Наконец она посмотрела на часы, встала и сказала мне, что надо идти. Я оказался в большом затруднении. Я двигаюсь, как уже говорил, ценой огромных усилий и величайших страданий. И я не мог прибегнуть к насилию, чтобы заставить ее остаться. Впрочем, я физически был на это не способен. Мы оба были стариками. Я считал, что она при смерти. И не мог позволить ей уйти одной. А это, совершенно очевидно, как раз то, что она собиралась сделать, если я не пойду с ней.

Я надел пальто и силился не отстать от Жюли, умоляя ее идти потише. На улице я стал озираться вокруг, готовясь позвать на помощь, если увижу, что она зашаталась или, может, даже упала на тротуар.

Это была холодная ночь с густым туманом.

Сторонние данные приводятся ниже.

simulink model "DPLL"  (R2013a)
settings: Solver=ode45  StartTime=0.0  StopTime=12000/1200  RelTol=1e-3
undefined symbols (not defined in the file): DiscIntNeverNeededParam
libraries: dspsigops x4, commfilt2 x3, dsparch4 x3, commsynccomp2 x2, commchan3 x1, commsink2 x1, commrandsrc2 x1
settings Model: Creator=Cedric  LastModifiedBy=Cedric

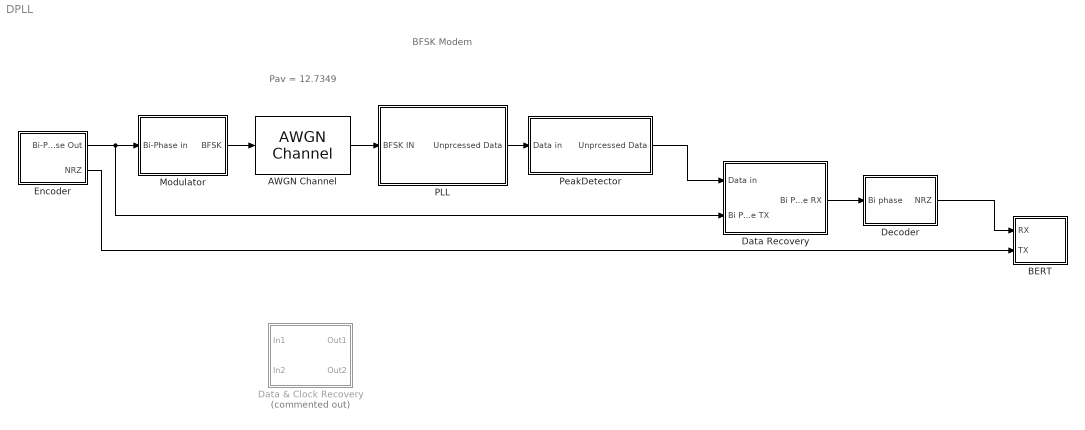
== system DPLL ==
  note: BFSK Modem
  note: Pav = 12.7349
  AWGN Channel : commchan3/AWGN Channel  InputProcessing=Columns as channels (frame based)  seed=randseed  noiseMode="Signal to noise ratio  (SNR)"  EbNodB=10  EsNodB=10  SNRdB=1000  bitsPerSym=1  Ps=12.7349  Tsym=1  variance=5
  BERT : Subsystem
  Data & Clock Recovery : Subsystem  Commented=on
  Data Recovery : Subsystem
  Decoder : Subsystem
  Encoder : Subsystem
  Modulator : Subsystem
  PLL : Subsystem
  PeakDetector : Subsystem
  wires:
  Modulator/1(BFSK) -> AWGN Channel/1
  Decoder/1(NRZ) -> BERT/1(RX)
  AWGN Channel/1 -> PLL/1(BFSK IN)
  Encoder/2(NRZ) -> BERT/2("TX ")
  PLL/1(Unprcessed Data) -> PeakDetector/1(Data in)
  Encoder/1(Bi-Phase Out) -> Data Recovery/2(Bi Phase TX), Modulator/1(Bi-Phase in)
  PeakDetector/1(Unprcessed Data) -> Data Recovery/1(Data in)
  Data Recovery/1(Bi Phase RX) -> Decoder/1(Bi phase)

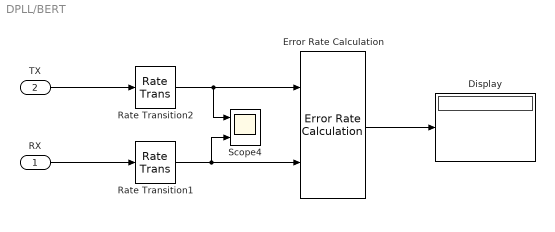
== system DPLL/BERT ==
  RX : Inport
  "TX " : Inport  Port=2
  Display : Display
  Error Rate Calculation : commsink2/Error Rate Calculation  N=1  st_delay=0  cp_mode=Entire frame  subframe=[]  PMode=Port  WsName=ErrorVec  RsMode2=off  stop=off  numErr=100  maxBits=1e6
  Rate Transition1 : RateTransition  OutPortSampleTime=1/(1200)
  Rate Transition2 : RateTransition  OutPortSampleTime=1/(1200)
  Scope4 : Scope  NumInputPorts=2
      settings: YMin=47500~-0.5  YMax=90000~1.5  SaveName=ScopeData3
  wires:
  Error Rate Calculation/1 -> Display/1
  "TX "/1 -> Rate Transition2/1
  RX/1 -> Rate Transition1/1
  Rate Transition1/1 -> Scope4/2, Error Rate Calculation/2
  Rate Transition2/1 -> Scope4/1, Error Rate Calculation/1

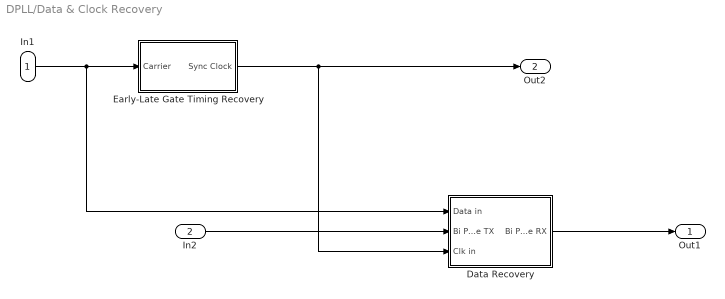
== system DPLL/Data & Clock Recovery ==
  In1 : Inport
  In2 : Inport  Port=2
  Data Recovery : Subsystem
  Early-Late Gate Timing Recovery : Subsystem
  Out1 : Outport
  Out2 : Outport  Port=2
  wires:
  Data Recovery/1(Bi Phase RX) -> Out1/1
  In2/1 -> Data Recovery/2(Bi Phase TX)
  Early-Late Gate Timing Recovery/1(Sync Clock) -> Data Recovery/3(Clk in), Out2/1
  In1/1 -> Early-Late Gate Timing Recovery/1(Carrier), Data Recovery/1(Data in)

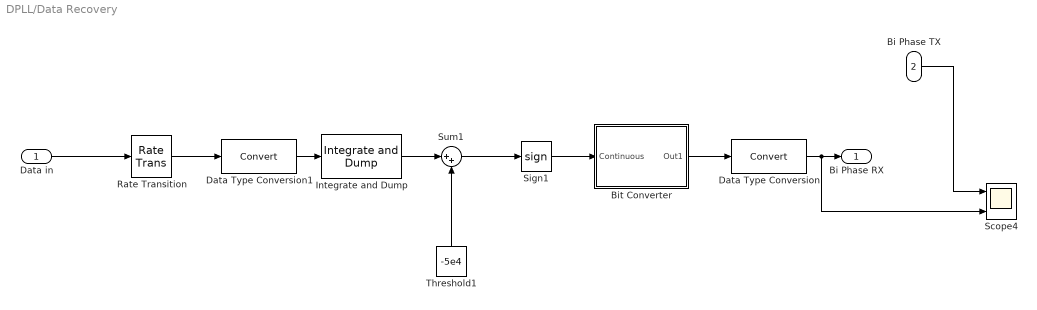
== system DPLL/Data Recovery ==
  Data in : Inport
  Bi Phase TX : Inport  Port=2
  Bit Converter : Subsystem
  Data Type Conversion : DataTypeConversion
  Data Type Conversion1 : DataTypeConversion
  Integrate and Dump : commfilt2/Integrate and Dump  obssamples=1024  offsetsamples=0  nodump=off  roundingMode=Floor  overflowMode=off
  Rate Transition : RateTransition  OutPortSampleTime=1/(1200*1024)
  Scope4 : Scope  NumInputPorts=2
      settings: YMin=47500~-0.5  YMax=90000~1.5  SaveName=ScopeData8
  Sign1 : Signum
  Sum1 : Sum  Inputs=|++
  Threshold1 : Constant  Value=-5e4
  Bi Phase RX : Outport
  wires:
  Data in/1 -> Rate Transition/1
  Bit Converter/1(Out1) -> Data Type Conversion/1
  Data Type Conversion/1 -> Scope4/2, Bi Phase RX/1
  Integrate and Dump/1 -> Sum1/1
  Data Type Conversion1/1 -> Integrate and Dump/1
  Rate Transition/1 -> Data Type Conversion1/1
  Threshold1/1 -> Sum1/2
  Sum1/1 -> Sign1/1
  Sign1/1 -> Bit Converter/1(Continuous)
  Bi Phase TX/1 -> Scope4/1

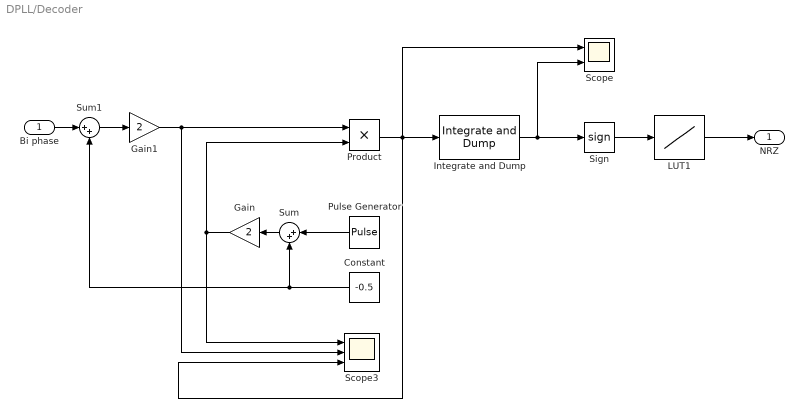
== system DPLL/Decoder ==
  Bi phase : Inport
  Constant : Constant  Value=-0.5
  Gain : Gain  Gain=2
  Gain1 : Gain  Gain=2
  Integrate and Dump : commfilt2/Integrate and Dump  obssamples=1024  offsetsamples=0  nodump=off  roundingMode=Floor  overflowMode=off
  LUT1 : Lookup_n-D  NumberOfTableDimensions=1  BreakpointsForDimension1=[-1 0 1]  Table=[0 0 1]  RndMeth=Simplest  InputSameDT=on
  Product : Product
  Pulse Generator : DiscretePulseGenerator  Period=2048*2  PulseWidth=2048  SampleTime=1/(1200*2048)
  Scope : Scope  NumInputPorts=2
      settings: YMin=-5~-5  YMax=5~5
  Scope3 : Scope  NumInputPorts=3
      settings: YMin=-1.5~-1.5~-1.5  YMax=1.5~1.5~1.5  SaveName=ScopeData5
  Sign : Signum
  Sum : Sum  Inputs=|++
  Sum1 : Sum  Inputs=|++
  NRZ : Outport
  wires:
  Integrate and Dump/1 -> Scope/2, Sign/1
  Product/1 -> Scope/1, Scope3/3, Integrate and Dump/1
  Pulse Generator/1 -> Sum/1
  Sum/1 -> Gain/1
  Constant/1 -> Sum1/2, Sum/2
  Gain/1 -> Product/2, Scope3/1
  Bi phase/1 -> Sum1/1
  Sum1/1 -> Gain1/1
  Gain1/1 -> Scope3/2, Product/1
  LUT1/1 -> NRZ/1
  Sign/1 -> LUT1/1

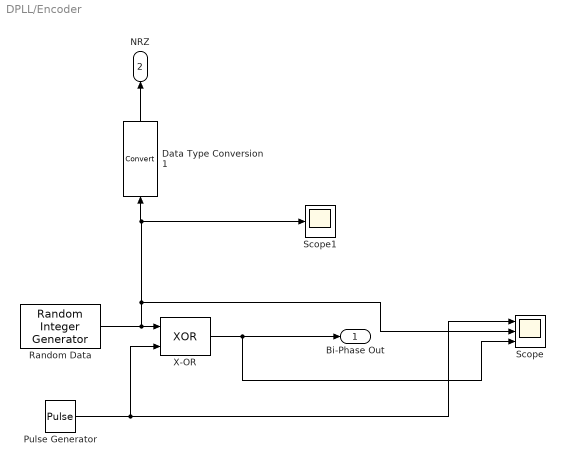
== system DPLL/Encoder ==
  Data Type Conversion1 : DataTypeConversion
  Pulse Generator : DiscretePulseGenerator  Period=2048*2  PulseWidth=2048  SampleTime=1/(1200*2048)
  Random Data : commrandsrc2/Random Integer Generator  mul=2  seed=randseed  Ts=1/600  frameBased=off  sampPerFrame=1  orient=off  outDataType=boolean
  Scope : Scope  NumInputPorts=3
      settings: TimeRange=0.007754789272030654  YMin=-0.5~-0.5~-0.5  YMax=1.5~1.5~1.5  SaveName=ScopeData7
  Scope1 : Scope
      settings: TimeRange=0.007754789272030654  YMin=-0.5  YMax=1.5  SaveName=ScopeData2
  X-OR : Logic  Operator=XOR  IconShape=distinctive  AllPortsSameDT=off  OutDataTypeStr=boolean
  Bi-Phase Out : Outport
  NRZ : Outport  Port=2
  wires:
  Random Data/1 -> Scope1/1, Data Type Conversion1/1, Scope/2, X-OR/1
  Pulse Generator/1 -> Scope/1, X-OR/2
  X-OR/1 -> Scope/3, Bi-Phase Out/1
  Data Type Conversion1/1 -> NRZ/1

== system DPLL/Modulator ==
  Bi-Phase in : Inport
  BFSK Modulator : Subsystem
  Scope : Scope
      settings: TimeRange=0.007754789272030654  YMin=0.06833333333333358  YMax=0.101666666666667  SaveName=ScopeData4
  BFSK : Outport
  wires:
  BFSK Modulator/1(BFSK out) -> Scope/1, BFSK/1
  Bi-Phase in/1 -> BFSK Modulator/1(Bi-phase L in)

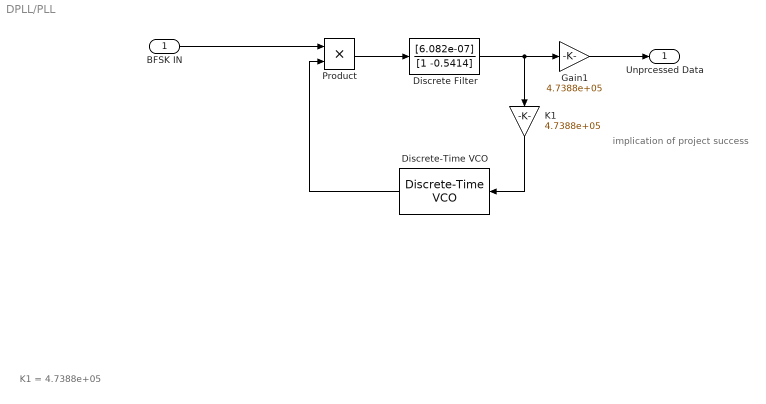
== system DPLL/PLL ==
  note: K1 = 4.7388e+05
  note: implication of project success
  BFSK IN : Inport
  Discrete Filter : DiscreteFilter  Numerator=[6.082e-07]  Denominator=[1 -0.5414]  SampleTime=1/(1200*1024)
  Discrete-Time VCO : commsynccomp2/Discrete-Time VCO  Ac=5  Fc=2200  Kc=1  Ph=0  ts=1/(1200*2048)
  Gain1 : Gain  Gain=4.7388e+05
  K1 : Gain  Gain=4.7388e+05
  Product : Product
  Unprcessed Data : Outport
  wires:
  Discrete-Time VCO/1 -> Product/2
  Product/1 -> Discrete Filter/1
  BFSK IN/1 -> Product/1
  Discrete Filter/1 -> K1/1, Gain1/1
  K1/1 -> Discrete-Time VCO/1
  Gain1/1 -> Unprcessed Data/1

== system DPLL/PeakDetector ==
  Data in : Inport
  Low Pass : dsparch4/Analog Filter Design  method=Butterworth  filttype=Lowpass  N=2  Wlo=2*pi*2400  Whi=80  Rp=2  Rs=40
  Product : Product
  Unprcessed Data : Outport
  wires:
  Data in/1 -> Product/2, Product/1
  Product/1 -> Low Pass/1
  Low Pass/1 -> Unprcessed Data/1

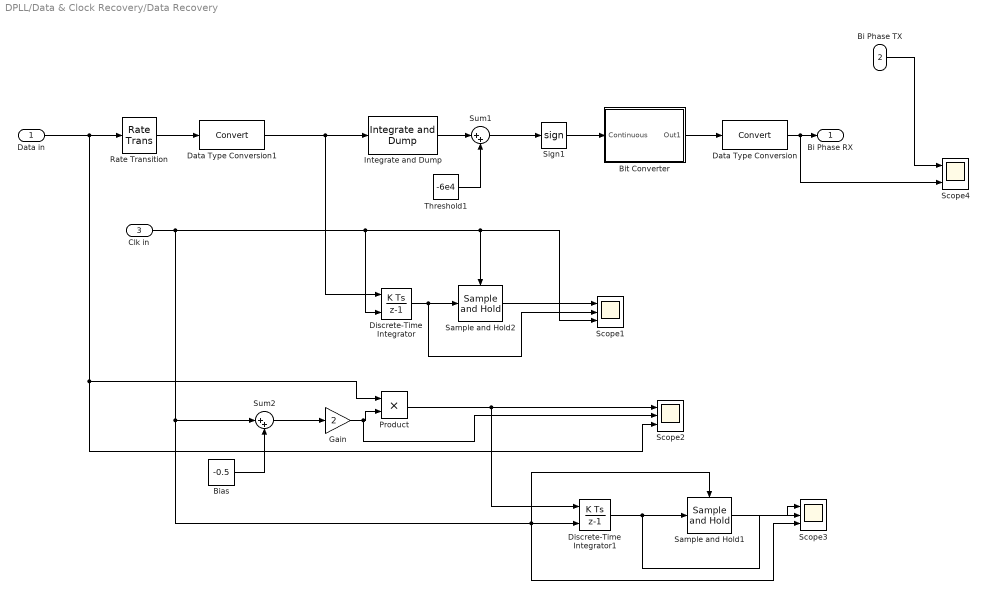
== system DPLL/Data & Clock Recovery/Data Recovery ==
  Data in : Inport
  Bi Phase TX : Inport  Port=2
  Clk in : Inport  Port=3
  Bias : Constant  Value=-0.5
  Bit Converter : Subsystem
  Data Type Conversion : DataTypeConversion
  Data Type Conversion1 : DataTypeConversion
  Discrete-Time Integrator : DiscreteIntegrator  ExternalReset=rising  SampleTime=1/(1200*1024)  ICPrevOutput=DiscIntNeverNeededParam  ICPrevScaledInput=DiscIntNeverNeededParam
  Discrete-Time Integrator1 : DiscreteIntegrator  ExternalReset=rising  SampleTime=1/(1200*1024)  ICPrevOutput=DiscIntNeverNeededParam  ICPrevScaledInput=DiscIntNeverNeededParam
  Gain : Gain  Gain=2
  Integrate and Dump : commfilt2/Integrate and Dump  obssamples=1024  offsetsamples=0  nodump=off  roundingMode=Floor  overflowMode=off
  Product : Product
  Rate Transition : RateTransition  OutPortSampleTime=1/(1200*1024)
  Sample and Hold1 : dspsigops/Sample and Hold  trig=Either edge  initCond=0  latchinput=off
  Sample and Hold2 : dspsigops/Sample and Hold  trig=Falling edge  initCond=0  latchinput=off
  Scope1 : Scope  NumInputPorts=3
      settings: YMin=0.005075~0~-5  YMax=0.00545~0.011~5  SaveName=ScopeData18
  Scope2 : Scope  NumInputPorts=3
      settings: YMin=-12.5~-1~2  YMax=12.5~1~13  SaveName=ScopeData19
  Scope3 : Scope  NumInputPorts=3
      settings: YMin=0~-0.003~-5  YMax=0.0065~0.007~5  SaveName=ScopeData20
  Scope4 : Scope  NumInputPorts=2
      settings: YMin=47500~-0.5  YMax=90000~1.5  SaveName=ScopeData8
  Sign1 : Signum
  Sum1 : Sum  Inputs=|++
  Sum2 : Sum  Inputs=|++
  Threshold1 : Constant  Value=-6e4
  Bi Phase RX : Outport
  wires:
  Data in/1 -> Scope2/3, Product/1, Rate Transition/1
  Bit Converter/1(Out1) -> Data Type Conversion/1
  Data Type Conversion/1 -> Scope4/2, Bi Phase RX/1
  Integrate and Dump/1 -> Sum1/1
  Data Type Conversion1/1 -> Discrete-Time Integrator/1, Integrate and Dump/1
  Rate Transition/1 -> Data Type Conversion1/1
  Threshold1/1 -> Sum1/2
  Sum1/1 -> Sign1/1
  Sign1/1 -> Bit Converter/1(Continuous)
  Bi Phase TX/1 -> Scope4/1
  Discrete-Time Integrator/1 -> Scope1/2, Sample and Hold2/1
  Clk in/1 -> Sum2/1, Scope3/3, Discrete-Time Integrator1/2, Sample and Hold1/Trigger, Scope1/3, Sample and Hold2/Trigger, Discrete-Time Integrator/2
  Sample and Hold2/1 -> Scope1/1
  Sum2/1 -> Gain/1
  Bias/1 -> Sum2/2
  Gain/1 -> Scope2/2, Product/2
  Product/1 -> Discrete-Time Integrator1/1, Scope2/1
  Discrete-Time Integrator1/1 -> Scope3/2, Sample and Hold1/1
  Sample and Hold1/1 -> Scope3/1

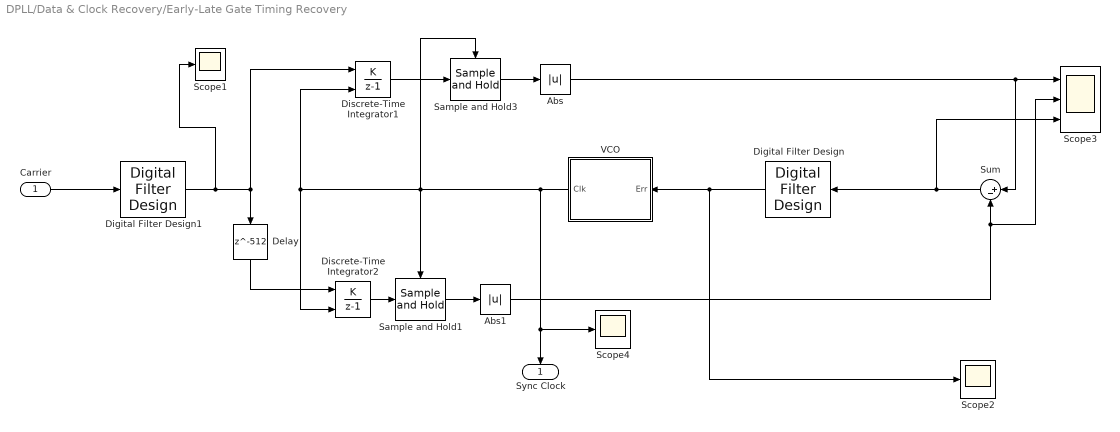
== system DPLL/Data & Clock Recovery/Early-Late Gate Timing Recovery ==
  Carrier : Inport
  Abs : Abs
  Abs1 : Abs
  Delay : Delay  DelayLength=512  InitialCondition=0  SampleTime=1/(1024*1200)
  Digital Filter Design : dsparch4/Digital Filter Design  mwdsp_browser_bugfix_var=off
  Digital Filter Design1 : dsparch4/Digital Filter Design  mwdsp_browser_bugfix_var=off
  Discrete-Time Integrator1 : DiscreteIntegrator  IntegratorMethod=Accumulation: Forward Euler  ExternalReset=rising  SampleTime=1/(1200*1024)  ICPrevOutput=DiscIntNeverNeededParam  ICPrevScaledInput=DiscIntNeverNeededParam
  Discrete-Time Integrator2 : DiscreteIntegrator  IntegratorMethod=Accumulation: Forward Euler  ExternalReset=rising  SampleTime=1/(1200*1024)  ICPrevOutput=DiscIntNeverNeededParam  ICPrevScaledInput=DiscIntNeverNeededParam
  Sample and Hold1 : dspsigops/Sample and Hold  trig=Either edge  initCond=0  latchinput=off
  Sample and Hold3 : dspsigops/Sample and Hold  trig=Either edge  initCond=0  latchinput=off
  Scope1 : Scope
      settings: YMin=-1  YMax=1  SaveName=ScopeData6
  Scope2 : Scope
      settings: YMin=-1  YMax=1  SaveName=ScopeData10
  Scope3 : Scope  NumInputPorts=3
      settings: YMin=-1~-5~-5  YMax=1~5~5  SaveName=ScopeData13
  Scope4 : Scope
      settings: YMin=-1  YMax=1  SaveName=ScopeData17
  Sum : Sum  Inputs=|+-
  VCO : Subsystem
  Sync Clock : Outport
  wires:
  Abs/1 -> Sum/1, Scope3/1
  Abs1/1 -> Scope3/2, Sum/2
  Delay/1 -> Discrete-Time Integrator2/1
  Discrete-Time Integrator1/1 -> Sample and Hold3/1
  Sample and Hold3/1 -> Abs/1
  Discrete-Time Integrator2/1 -> Sample and Hold1/1
  Sample and Hold1/1 -> Abs1/1
  Digital Filter Design/1 -> Scope2/1, VCO/1(Err)
  Carrier/1 -> Digital Filter Design1/1
  Sum/1 -> Scope3/3, Digital Filter Design/1
  Digital Filter Design1/1 -> Scope1/1, Delay/1, Discrete-Time Integrator1/1
  VCO/1(Clk) -> Sample and Hold3/Trigger, Discrete-Time Integrator1/2, Discrete-Time Integrator2/2, Sample and Hold1/Trigger, Scope4/1, Sync Clock/1

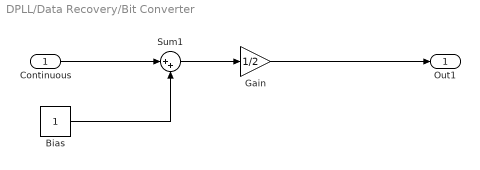
== system DPLL/Data Recovery/Bit Converter ==
  Continuous : Inport
  Bias : Constant
  Gain : Gain  Gain=1/2
  Sum1 : Sum  Inputs=|++
  Out1 : Outport
  wires:
  Gain/1 -> Out1/1
  Sum1/1 -> Gain/1
  Continuous/1 -> Sum1/1
  Bias/1 -> Sum1/2

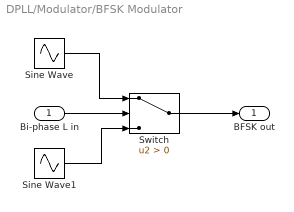
== system DPLL/Modulator/BFSK Modulator ==
  Bi-phase L in : Inport
  Sine Wave : Sin  SineType=Sample based  Amplitude=5  Frequency=2*pi*1200  Samples=2048  SampleTime=1/(1200*2048)
  Sine Wave1 : Sin  SineType=Sample based  Amplitude=5  Frequency=2*pi*2200  Samples=1117  SampleTime=1/(1200*2048)
  Switch : Switch  Criteria=u2 > Threshold  SampleTime=1/(1200*1024)
  BFSK out : Outport
  wires:
  Bi-phase L in/1 -> Switch/2
  Sine Wave/1 -> Switch/1
  Switch/1 -> BFSK out/1
  Sine Wave1/1 -> Switch/3

== system DPLL/Data & Clock Recovery/Data Recovery/Bit Converter ==
  Continuous : Inport
  Bias : Constant
  Gain : Gain  Gain=1/2
  Sum1 : Sum  Inputs=|++
  Out1 : Outport
  wires:
  Gain/1 -> Out1/1
  Sum1/1 -> Gain/1
  Continuous/1 -> Sum1/1
  Bias/1 -> Sum1/2

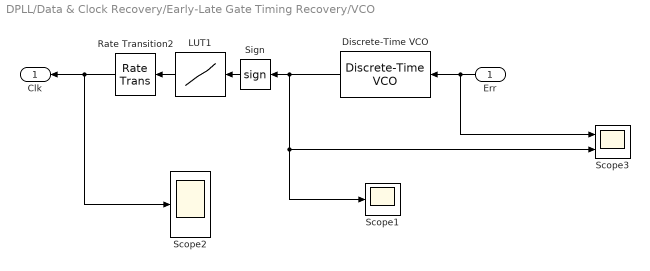
== system DPLL/Data & Clock Recovery/Early-Late Gate Timing Recovery/VCO ==
  Err : Inport
  Discrete-Time VCO : commsynccomp2/Discrete-Time VCO  Ac=1  Fc=600  Kc=0.125  Ph=0  ts=1/(1200*1024)
  LUT1 : Lookup_n-D  NumberOfTableDimensions=1  BreakpointsForDimension1=[-1 0 1]  Table=[0 0 1]  RndMeth=Simplest  InputSameDT=on
  Rate Transition2 : RateTransition  OutPortSampleTime=1/(1024*1200)
  Scope1 : Scope
      settings: TimeRange=0.01666666666666667  YMin=-1  YMax=1  SaveName=ScopeData15
  Scope2 : Scope
      settings: TimeRange=0.01666666666666667  YMin=-1  YMax=1  SaveName=ScopeData14
  Scope3 : Scope  NumInputPorts=2
      settings: TimeRange=0.01666666666666667  YMin=-1~-5  YMax=1~5  SaveName=ScopeData16
  Sign : Signum
  Clk : Outport
  wires:
  Discrete-Time VCO/1 -> Scope3/2, Scope1/1, Sign/1
  Err/1 -> Scope3/1, Discrete-Time VCO/1
  LUT1/1 -> Rate Transition2/1
  Rate Transition2/1 -> Scope2/1, Clk/1
  Sign/1 -> LUT1/1

Мы все же встретили нескольких человек, которые, как и мы, направлялись к конторе.

На нас, должно быть, страшно было смотреть, когда мы возникали из тумана. Она, в шелках ярких цветов, ступала твердым шагом, за которым я не мог поспеть. Она возвращалась ко мне и снова забегала вперед, проделывая, как собака, тройной путь. И я, с трудом ковылявший за нею. (Упоминал ли я, что я горбун?)